Wherever a line holds the word "extrude", copy that line from the data.

Provided information:
>>>
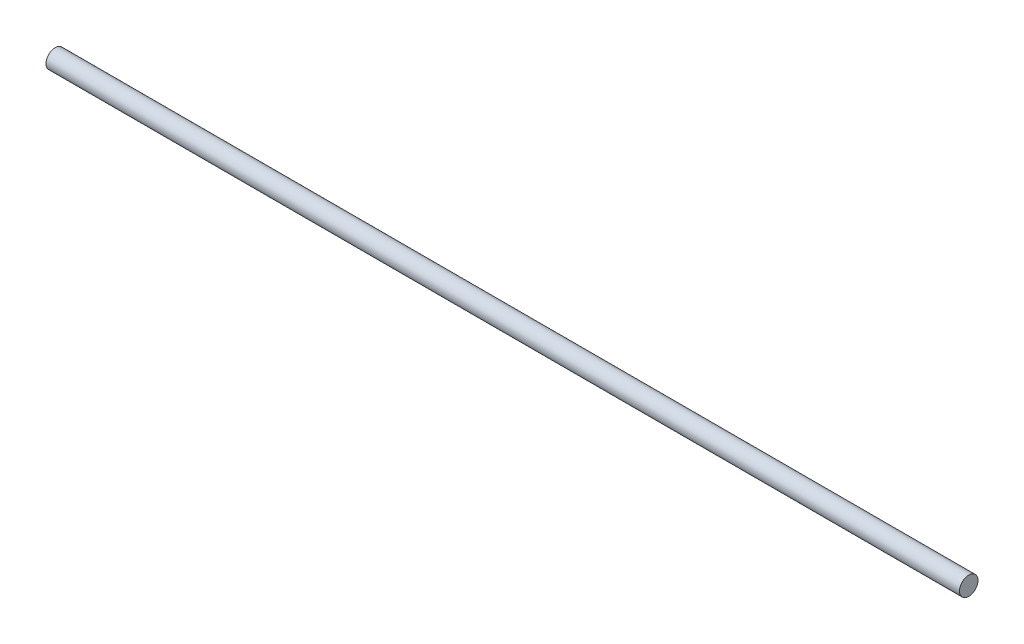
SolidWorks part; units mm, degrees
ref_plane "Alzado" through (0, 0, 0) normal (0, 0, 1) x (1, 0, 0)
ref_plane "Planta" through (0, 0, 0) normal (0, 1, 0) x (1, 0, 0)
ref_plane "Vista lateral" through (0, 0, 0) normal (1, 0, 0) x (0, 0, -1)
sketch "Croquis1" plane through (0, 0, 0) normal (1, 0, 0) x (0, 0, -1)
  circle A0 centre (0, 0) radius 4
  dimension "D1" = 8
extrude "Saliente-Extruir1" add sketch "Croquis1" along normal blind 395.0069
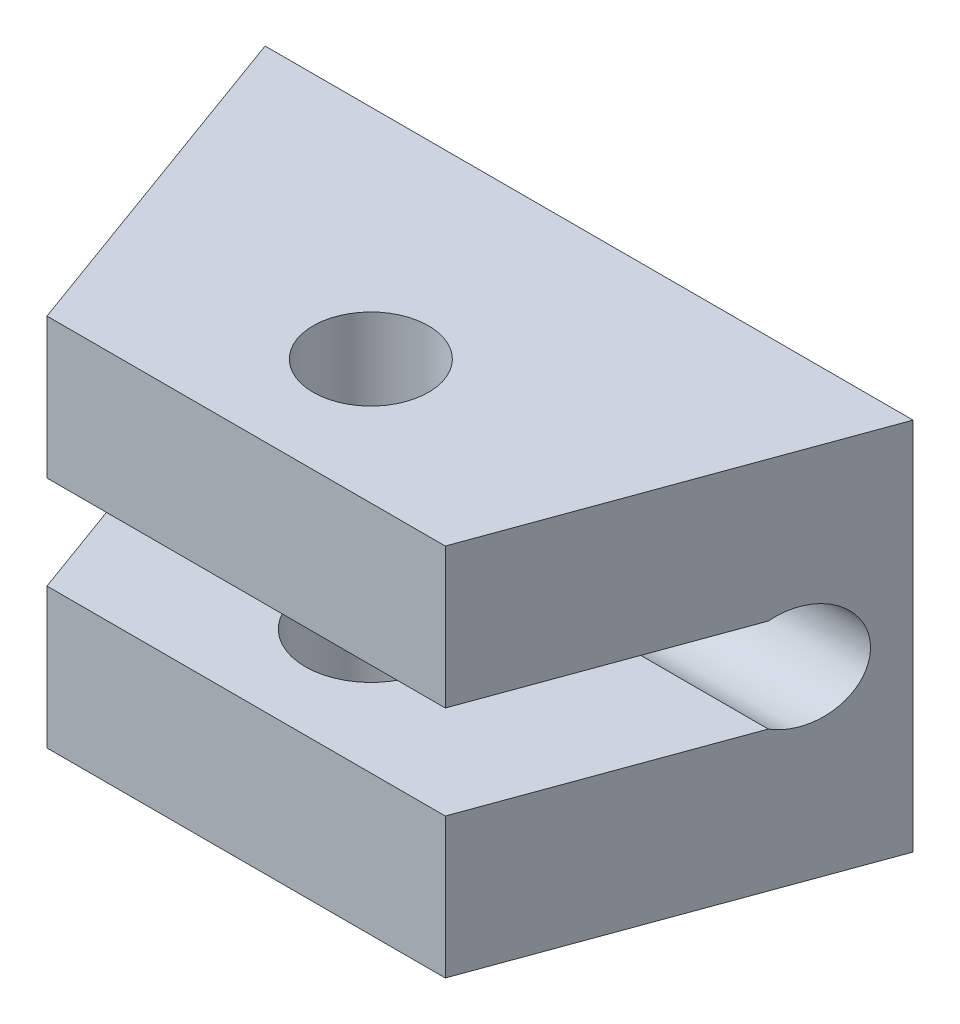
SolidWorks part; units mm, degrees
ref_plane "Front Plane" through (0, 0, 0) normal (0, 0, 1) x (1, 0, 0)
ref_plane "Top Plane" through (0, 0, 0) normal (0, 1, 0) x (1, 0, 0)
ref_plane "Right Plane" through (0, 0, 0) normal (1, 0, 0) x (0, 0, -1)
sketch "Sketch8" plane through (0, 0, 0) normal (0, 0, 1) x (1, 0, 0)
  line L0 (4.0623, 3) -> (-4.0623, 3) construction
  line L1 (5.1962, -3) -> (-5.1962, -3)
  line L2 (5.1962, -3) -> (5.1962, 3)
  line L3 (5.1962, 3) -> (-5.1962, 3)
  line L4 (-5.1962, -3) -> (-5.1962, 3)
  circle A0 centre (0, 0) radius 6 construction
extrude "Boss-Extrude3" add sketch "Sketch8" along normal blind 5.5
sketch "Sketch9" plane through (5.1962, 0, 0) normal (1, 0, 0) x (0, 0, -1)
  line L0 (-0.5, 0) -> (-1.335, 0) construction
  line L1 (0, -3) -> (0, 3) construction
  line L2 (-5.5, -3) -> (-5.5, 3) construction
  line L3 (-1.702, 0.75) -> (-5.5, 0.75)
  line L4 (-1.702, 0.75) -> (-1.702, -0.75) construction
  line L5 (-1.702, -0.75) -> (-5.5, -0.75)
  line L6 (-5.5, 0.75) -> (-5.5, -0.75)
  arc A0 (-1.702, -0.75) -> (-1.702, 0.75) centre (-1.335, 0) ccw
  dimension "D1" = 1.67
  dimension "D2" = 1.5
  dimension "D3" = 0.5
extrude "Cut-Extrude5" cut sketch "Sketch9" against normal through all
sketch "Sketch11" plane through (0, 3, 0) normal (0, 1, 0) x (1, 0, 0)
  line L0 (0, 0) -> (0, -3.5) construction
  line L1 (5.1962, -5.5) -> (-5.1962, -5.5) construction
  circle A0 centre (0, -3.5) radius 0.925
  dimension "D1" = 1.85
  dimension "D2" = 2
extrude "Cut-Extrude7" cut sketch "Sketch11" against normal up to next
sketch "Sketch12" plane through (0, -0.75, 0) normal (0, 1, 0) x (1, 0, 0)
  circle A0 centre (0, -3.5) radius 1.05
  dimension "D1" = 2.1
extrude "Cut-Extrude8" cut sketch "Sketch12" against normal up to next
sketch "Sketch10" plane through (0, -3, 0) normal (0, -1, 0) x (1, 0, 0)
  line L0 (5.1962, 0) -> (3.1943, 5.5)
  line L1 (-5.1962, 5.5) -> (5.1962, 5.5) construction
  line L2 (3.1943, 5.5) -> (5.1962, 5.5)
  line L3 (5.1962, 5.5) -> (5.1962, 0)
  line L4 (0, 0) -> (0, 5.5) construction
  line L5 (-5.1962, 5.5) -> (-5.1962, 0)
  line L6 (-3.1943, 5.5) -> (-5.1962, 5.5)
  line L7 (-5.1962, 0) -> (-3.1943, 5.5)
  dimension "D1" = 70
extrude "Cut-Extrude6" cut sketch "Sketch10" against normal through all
<<<
Answer box:
extrude "Saliente-Extruir1" add sketch "Croquis1" along normal blind 395.0069
extrude "Boss-Extrude3" add sketch "Sketch8" along normal blind 5.5
extrude "Cut-Extrude5" cut sketch "Sketch9" against normal through all
extrude "Cut-Extrude7" cut sketch "Sketch11" against normal up to next
extrude "Cut-Extrude8" cut sketch "Sketch12" against normal up to next
extrude "Cut-Extrude6" cut sketch "Sketch10" against normal through all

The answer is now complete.